### Action item
Please transcribe exactly, and only, the lines of the data below between the line holding "-5.610611151), (-7.2967857143, -11.9480926612))" and the line holding "13.6427794502), (11.1398971667, 8.4795454545))", inclusive.

### Dataset records

= = = = = = =

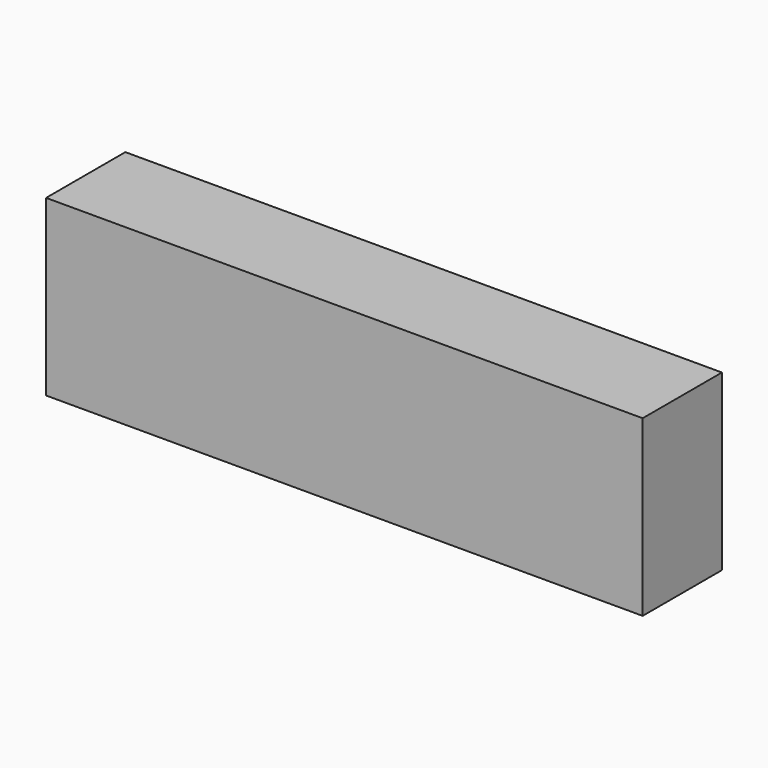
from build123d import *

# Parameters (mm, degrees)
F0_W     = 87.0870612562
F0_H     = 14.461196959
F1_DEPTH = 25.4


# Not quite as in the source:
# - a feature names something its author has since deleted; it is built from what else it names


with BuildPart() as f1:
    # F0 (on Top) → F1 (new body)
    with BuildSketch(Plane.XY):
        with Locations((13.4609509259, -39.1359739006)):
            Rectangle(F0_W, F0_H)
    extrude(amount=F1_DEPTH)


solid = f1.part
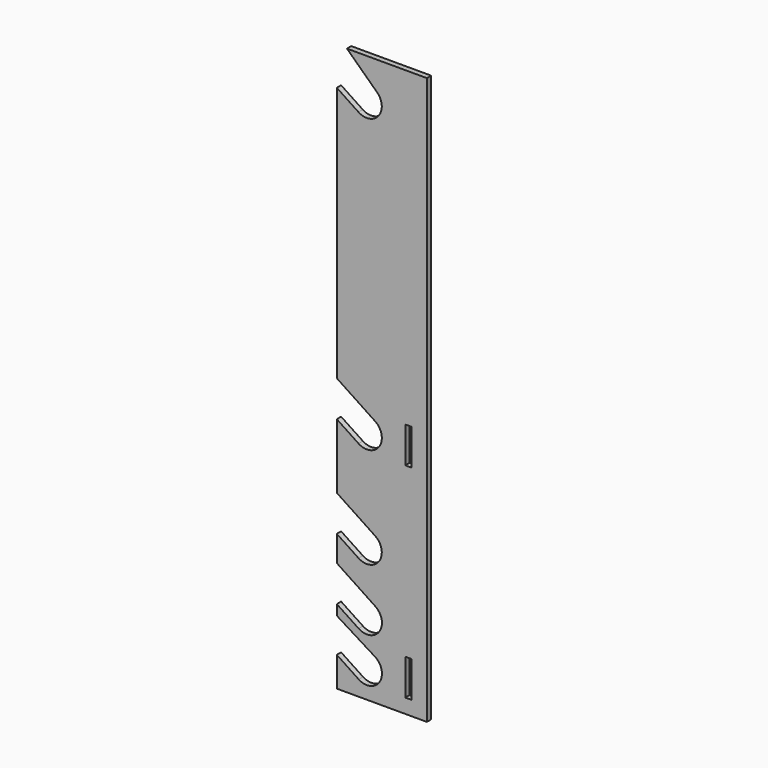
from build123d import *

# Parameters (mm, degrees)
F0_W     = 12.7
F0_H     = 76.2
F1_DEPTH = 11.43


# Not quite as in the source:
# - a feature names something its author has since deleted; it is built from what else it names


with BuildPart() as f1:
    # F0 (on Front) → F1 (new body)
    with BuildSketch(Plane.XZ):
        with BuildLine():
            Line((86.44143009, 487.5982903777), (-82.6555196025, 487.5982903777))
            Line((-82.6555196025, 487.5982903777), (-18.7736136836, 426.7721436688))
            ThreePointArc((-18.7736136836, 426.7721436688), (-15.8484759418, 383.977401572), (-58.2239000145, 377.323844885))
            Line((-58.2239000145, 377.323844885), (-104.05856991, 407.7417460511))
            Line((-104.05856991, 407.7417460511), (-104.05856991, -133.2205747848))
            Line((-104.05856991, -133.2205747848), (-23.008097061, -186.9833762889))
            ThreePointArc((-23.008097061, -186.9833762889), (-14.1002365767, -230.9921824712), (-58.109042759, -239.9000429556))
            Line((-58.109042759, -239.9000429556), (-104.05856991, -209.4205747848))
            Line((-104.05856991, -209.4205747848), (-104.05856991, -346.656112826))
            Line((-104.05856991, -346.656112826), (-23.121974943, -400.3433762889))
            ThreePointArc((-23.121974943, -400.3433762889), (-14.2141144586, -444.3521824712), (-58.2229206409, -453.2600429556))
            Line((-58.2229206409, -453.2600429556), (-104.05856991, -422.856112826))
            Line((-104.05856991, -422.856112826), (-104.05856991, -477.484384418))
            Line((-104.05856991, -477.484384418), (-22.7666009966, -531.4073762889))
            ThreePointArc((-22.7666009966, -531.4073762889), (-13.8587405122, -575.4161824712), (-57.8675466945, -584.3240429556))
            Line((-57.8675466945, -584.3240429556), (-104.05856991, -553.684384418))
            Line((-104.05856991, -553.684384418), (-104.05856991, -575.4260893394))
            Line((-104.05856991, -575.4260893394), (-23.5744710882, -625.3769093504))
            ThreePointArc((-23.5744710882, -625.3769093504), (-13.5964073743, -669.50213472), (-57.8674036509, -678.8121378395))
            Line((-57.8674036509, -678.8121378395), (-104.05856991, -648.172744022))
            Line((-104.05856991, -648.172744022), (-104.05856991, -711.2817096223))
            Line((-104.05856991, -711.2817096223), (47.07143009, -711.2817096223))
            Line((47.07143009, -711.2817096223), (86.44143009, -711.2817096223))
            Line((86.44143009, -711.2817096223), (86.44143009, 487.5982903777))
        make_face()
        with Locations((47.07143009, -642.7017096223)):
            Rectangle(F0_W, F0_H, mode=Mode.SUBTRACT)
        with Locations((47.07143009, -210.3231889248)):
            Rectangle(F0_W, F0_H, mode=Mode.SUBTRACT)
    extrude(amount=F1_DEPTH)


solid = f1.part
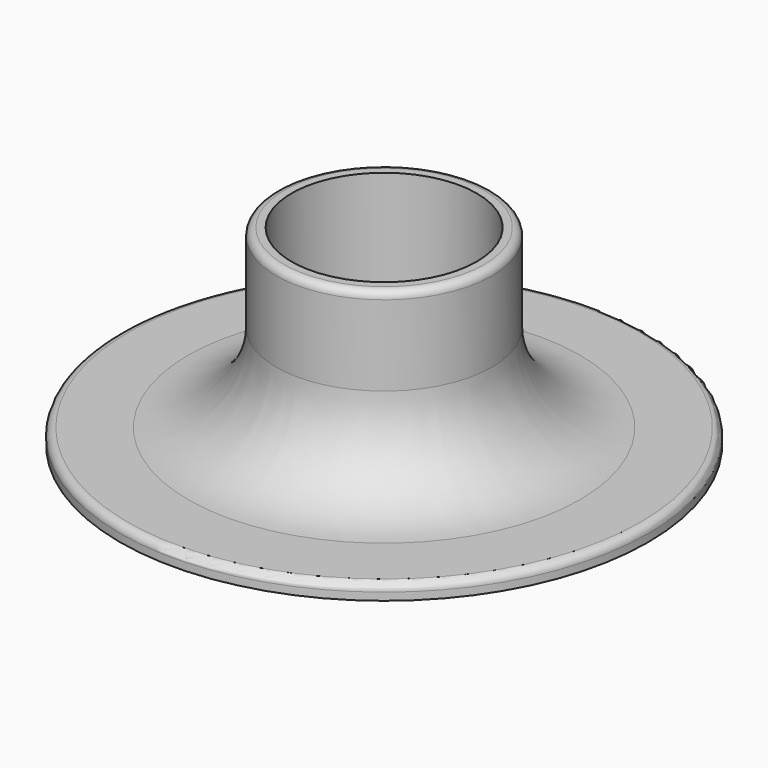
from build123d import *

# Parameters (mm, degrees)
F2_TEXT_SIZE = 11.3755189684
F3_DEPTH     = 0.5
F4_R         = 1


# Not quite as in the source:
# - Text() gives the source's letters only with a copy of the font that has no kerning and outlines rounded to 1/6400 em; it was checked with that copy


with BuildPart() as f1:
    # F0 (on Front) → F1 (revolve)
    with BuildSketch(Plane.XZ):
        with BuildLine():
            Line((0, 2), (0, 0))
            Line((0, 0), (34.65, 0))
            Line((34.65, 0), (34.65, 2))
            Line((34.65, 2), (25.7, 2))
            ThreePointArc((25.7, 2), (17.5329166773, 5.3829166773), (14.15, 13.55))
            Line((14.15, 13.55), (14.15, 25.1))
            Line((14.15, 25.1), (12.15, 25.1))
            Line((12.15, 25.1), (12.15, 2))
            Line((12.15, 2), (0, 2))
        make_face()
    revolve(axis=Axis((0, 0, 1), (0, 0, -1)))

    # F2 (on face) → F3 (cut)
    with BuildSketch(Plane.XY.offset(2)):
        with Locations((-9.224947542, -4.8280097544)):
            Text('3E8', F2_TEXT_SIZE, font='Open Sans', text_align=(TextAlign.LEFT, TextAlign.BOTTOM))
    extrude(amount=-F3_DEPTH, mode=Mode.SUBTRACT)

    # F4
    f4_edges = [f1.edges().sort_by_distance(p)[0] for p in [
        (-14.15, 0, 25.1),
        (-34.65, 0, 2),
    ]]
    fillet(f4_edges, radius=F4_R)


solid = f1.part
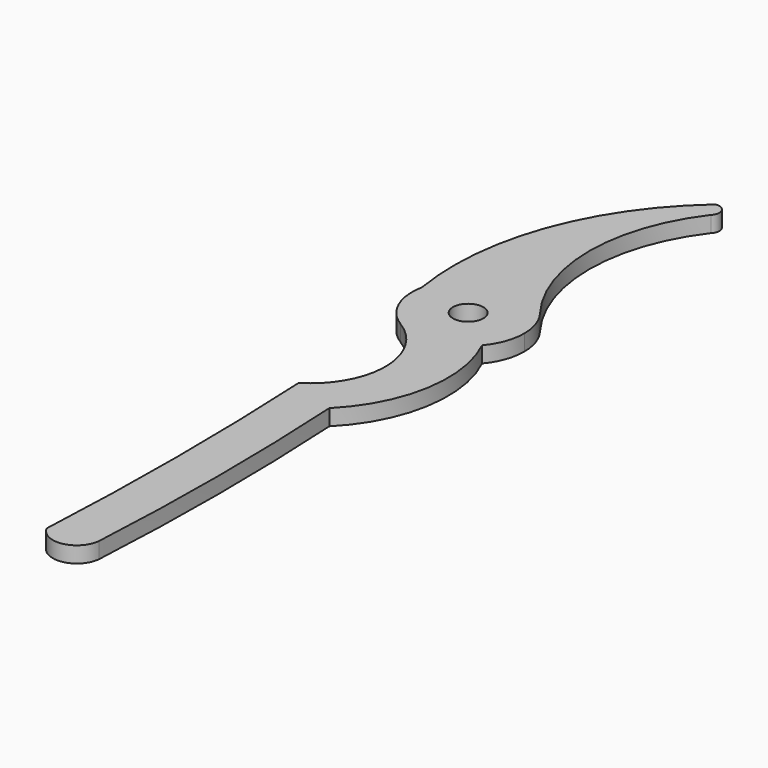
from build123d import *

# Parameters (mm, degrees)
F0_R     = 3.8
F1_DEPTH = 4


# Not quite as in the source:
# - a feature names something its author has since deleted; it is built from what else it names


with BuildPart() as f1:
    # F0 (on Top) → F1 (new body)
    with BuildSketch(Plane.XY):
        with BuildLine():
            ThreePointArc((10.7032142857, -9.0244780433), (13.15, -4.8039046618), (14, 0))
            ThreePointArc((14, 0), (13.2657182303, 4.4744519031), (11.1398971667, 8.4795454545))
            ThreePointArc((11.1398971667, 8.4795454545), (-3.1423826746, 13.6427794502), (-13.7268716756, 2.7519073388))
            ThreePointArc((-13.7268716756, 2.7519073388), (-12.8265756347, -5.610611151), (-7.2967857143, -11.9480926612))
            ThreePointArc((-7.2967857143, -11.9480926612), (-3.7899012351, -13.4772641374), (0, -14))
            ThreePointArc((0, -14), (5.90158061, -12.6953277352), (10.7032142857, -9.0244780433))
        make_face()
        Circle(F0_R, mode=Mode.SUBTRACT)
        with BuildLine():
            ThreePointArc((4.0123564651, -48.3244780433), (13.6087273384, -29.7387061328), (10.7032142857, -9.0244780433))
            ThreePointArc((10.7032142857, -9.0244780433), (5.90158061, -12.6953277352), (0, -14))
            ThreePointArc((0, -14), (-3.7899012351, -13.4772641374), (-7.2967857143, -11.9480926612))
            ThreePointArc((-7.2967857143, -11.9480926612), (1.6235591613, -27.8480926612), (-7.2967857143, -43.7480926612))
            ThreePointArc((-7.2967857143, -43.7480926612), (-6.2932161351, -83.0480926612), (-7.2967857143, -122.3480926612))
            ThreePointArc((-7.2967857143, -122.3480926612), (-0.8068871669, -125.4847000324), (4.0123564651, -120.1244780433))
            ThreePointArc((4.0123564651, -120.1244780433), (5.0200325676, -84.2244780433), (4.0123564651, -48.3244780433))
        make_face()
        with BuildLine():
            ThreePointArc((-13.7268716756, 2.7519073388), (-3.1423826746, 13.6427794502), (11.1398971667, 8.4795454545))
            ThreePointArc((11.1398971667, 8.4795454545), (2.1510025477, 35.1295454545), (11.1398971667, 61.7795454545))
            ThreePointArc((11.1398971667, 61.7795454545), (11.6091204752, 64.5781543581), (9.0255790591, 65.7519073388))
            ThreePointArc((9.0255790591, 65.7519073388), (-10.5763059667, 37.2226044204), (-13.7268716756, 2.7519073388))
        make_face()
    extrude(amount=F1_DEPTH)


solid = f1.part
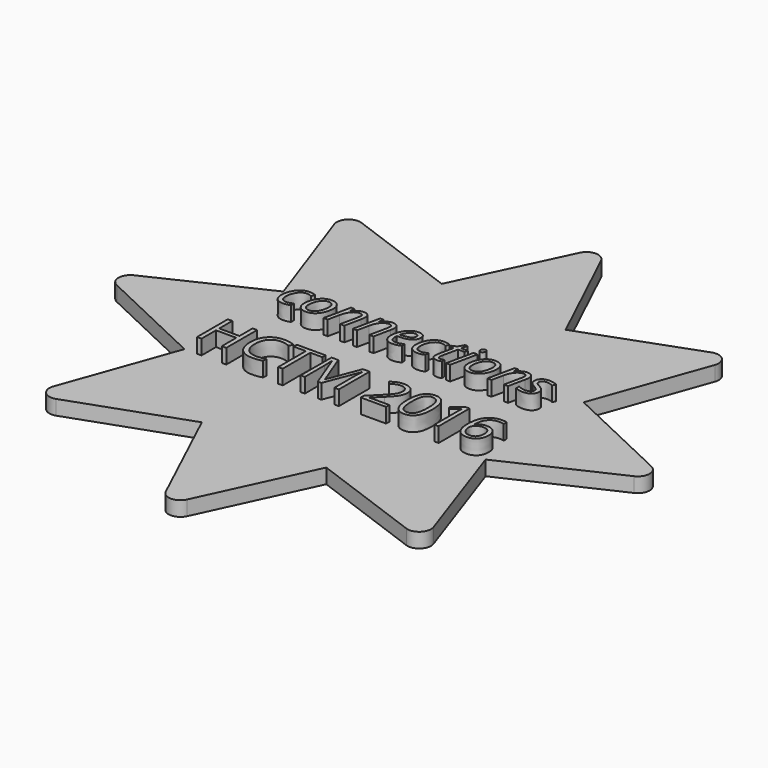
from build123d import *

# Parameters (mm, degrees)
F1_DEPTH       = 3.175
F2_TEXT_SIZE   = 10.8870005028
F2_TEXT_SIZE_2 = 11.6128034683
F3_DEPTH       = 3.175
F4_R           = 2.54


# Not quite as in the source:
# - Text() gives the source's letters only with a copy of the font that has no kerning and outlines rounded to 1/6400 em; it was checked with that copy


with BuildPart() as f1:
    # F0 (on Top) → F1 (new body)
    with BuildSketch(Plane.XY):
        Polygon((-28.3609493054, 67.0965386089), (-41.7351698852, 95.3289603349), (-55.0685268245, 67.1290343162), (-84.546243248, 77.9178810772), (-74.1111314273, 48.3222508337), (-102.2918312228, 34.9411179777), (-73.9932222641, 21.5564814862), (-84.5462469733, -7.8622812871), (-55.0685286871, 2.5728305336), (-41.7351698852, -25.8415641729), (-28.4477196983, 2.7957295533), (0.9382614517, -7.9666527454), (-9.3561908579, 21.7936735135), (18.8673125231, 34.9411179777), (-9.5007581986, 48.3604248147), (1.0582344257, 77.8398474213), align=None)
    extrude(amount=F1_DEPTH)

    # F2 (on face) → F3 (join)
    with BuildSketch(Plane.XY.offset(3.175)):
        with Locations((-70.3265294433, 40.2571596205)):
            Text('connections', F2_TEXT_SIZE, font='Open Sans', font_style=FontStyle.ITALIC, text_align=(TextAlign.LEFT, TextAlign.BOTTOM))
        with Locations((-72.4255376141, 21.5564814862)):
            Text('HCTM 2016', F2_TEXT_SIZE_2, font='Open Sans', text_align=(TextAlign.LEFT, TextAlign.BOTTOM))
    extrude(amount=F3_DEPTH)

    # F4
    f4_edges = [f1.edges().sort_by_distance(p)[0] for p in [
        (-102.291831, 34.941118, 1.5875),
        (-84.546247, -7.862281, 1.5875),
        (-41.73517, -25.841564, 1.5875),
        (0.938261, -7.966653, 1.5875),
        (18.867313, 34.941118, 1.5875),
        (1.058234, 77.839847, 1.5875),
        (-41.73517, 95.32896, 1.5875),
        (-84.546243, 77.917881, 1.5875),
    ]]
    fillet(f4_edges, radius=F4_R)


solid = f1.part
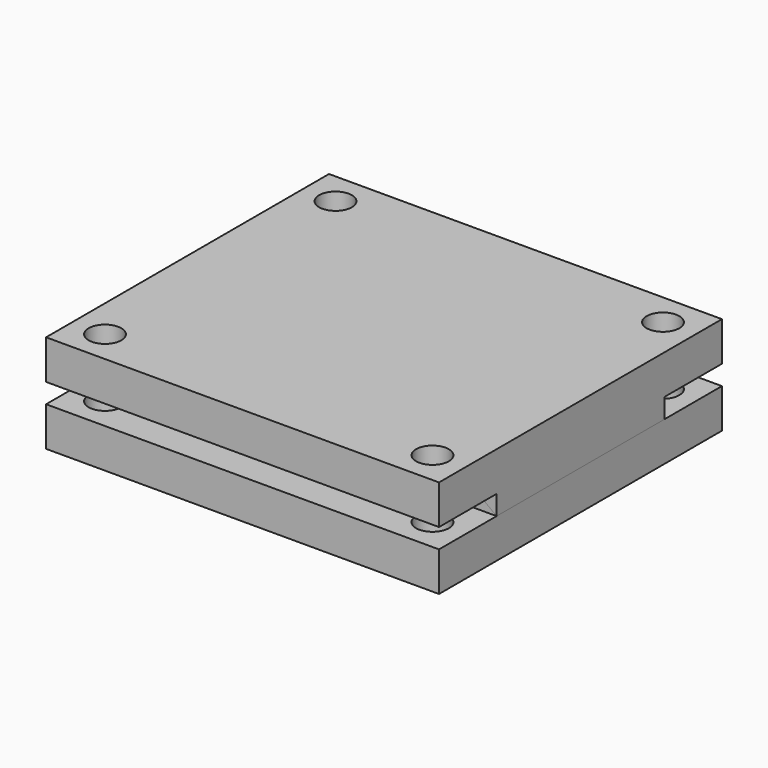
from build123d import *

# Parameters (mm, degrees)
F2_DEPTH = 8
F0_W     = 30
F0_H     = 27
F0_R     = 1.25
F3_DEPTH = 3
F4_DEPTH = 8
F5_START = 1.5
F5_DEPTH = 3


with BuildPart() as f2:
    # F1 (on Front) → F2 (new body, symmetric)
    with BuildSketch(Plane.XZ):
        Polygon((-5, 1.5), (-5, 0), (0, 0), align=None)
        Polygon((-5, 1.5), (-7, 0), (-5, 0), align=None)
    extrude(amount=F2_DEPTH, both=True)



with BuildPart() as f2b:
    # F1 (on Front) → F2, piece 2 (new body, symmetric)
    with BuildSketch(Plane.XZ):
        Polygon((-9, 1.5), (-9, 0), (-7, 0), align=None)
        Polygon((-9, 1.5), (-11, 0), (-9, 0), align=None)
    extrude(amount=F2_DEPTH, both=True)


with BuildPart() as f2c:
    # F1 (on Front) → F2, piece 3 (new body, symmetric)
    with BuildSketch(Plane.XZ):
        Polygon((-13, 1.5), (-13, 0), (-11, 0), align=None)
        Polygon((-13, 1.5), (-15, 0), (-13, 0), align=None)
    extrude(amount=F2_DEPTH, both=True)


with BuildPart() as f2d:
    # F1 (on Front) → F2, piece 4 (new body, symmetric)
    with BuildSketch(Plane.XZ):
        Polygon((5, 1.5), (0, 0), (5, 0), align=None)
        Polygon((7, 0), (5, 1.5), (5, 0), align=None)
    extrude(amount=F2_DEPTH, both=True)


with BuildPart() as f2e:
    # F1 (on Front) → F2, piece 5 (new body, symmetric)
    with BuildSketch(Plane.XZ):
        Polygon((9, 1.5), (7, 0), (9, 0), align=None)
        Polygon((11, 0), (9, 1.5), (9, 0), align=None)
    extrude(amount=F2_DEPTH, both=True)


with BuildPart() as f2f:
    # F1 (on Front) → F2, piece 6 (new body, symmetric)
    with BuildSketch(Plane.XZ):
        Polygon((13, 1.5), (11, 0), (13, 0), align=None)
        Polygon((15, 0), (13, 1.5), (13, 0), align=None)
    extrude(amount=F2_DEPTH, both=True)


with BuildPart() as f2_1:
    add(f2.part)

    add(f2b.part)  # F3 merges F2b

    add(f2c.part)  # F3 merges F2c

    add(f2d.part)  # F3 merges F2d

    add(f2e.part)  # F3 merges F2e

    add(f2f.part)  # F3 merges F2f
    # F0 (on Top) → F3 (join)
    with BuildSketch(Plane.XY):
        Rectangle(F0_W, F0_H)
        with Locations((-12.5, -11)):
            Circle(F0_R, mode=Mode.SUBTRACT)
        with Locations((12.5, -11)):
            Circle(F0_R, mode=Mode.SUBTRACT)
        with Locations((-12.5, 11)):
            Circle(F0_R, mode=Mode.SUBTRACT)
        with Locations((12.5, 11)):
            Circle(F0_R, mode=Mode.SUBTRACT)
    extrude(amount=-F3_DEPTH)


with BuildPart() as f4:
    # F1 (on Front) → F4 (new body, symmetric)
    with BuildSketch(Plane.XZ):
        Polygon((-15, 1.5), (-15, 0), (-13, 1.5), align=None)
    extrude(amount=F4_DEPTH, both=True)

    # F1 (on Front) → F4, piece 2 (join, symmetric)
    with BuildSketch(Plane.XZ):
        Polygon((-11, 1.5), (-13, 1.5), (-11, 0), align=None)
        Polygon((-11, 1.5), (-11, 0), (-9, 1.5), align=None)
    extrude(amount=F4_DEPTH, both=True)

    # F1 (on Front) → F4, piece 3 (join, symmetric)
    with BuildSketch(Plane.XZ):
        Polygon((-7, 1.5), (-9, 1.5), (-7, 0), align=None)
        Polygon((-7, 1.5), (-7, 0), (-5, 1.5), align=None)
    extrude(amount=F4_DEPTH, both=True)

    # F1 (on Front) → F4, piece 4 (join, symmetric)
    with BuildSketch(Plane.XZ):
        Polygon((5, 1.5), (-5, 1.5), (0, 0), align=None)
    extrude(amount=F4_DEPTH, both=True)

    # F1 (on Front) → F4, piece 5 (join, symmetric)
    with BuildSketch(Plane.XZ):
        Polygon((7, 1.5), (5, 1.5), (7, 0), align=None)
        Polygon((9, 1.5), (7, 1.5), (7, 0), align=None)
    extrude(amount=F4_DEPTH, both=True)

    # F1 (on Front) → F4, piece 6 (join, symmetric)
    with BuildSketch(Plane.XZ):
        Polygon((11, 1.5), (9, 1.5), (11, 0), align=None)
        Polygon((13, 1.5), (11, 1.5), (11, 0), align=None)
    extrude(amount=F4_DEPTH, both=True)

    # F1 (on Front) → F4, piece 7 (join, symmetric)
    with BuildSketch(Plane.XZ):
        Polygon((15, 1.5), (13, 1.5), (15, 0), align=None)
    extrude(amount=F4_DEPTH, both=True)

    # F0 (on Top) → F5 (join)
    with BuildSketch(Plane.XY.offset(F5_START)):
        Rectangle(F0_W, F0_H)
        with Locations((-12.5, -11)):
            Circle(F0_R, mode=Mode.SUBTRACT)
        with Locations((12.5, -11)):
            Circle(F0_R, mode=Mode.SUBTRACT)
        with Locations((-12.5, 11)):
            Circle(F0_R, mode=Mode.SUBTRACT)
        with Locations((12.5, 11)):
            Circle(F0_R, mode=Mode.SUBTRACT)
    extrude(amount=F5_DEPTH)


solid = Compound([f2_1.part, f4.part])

= = = = = = =

### Answer area
            ThreePointArc((-13.7268716756, 2.7519073388), (-12.8265756347, -5.610611151), (-7.2967857143, -11.9480926612))
            ThreePointArc((-7.2967857143, -11.9480926612), (-3.7899012351, -13.4772641374), (0, -14))
            ThreePointArc((0, -14), (5.90158061, -12.6953277352), (10.7032142857, -9.0244780433))
        make_face()
        Circle(F0_R, mode=Mode.SUBTRACT)
        with BuildLine():
            ThreePointArc((4.0123564651, -48.3244780433), (13.6087273384, -29.7387061328), (10.7032142857, -9.0244780433))
            ThreePointArc((10.7032142857, -9.0244780433), (5.90158061, -12.6953277352), (0, -14))
            ThreePointArc((0, -14), (-3.7899012351, -13.4772641374), (-7.2967857143, -11.9480926612))
            ThreePointArc((-7.2967857143, -11.9480926612), (1.6235591613, -27.8480926612), (-7.2967857143, -43.7480926612))
            ThreePointArc((-7.2967857143, -43.7480926612), (-6.2932161351, -83.0480926612), (-7.2967857143, -122.3480926612))
            ThreePointArc((-7.2967857143, -122.3480926612), (-0.8068871669, -125.4847000324), (4.0123564651, -120.1244780433))
            ThreePointArc((4.0123564651, -120.1244780433), (5.0200325676, -84.2244780433), (4.0123564651, -48.3244780433))
        make_face()
        with BuildLine():
            ThreePointArc((-13.7268716756, 2.7519073388), (-3.1423826746, 13.6427794502), (11.1398971667, 8.4795454545))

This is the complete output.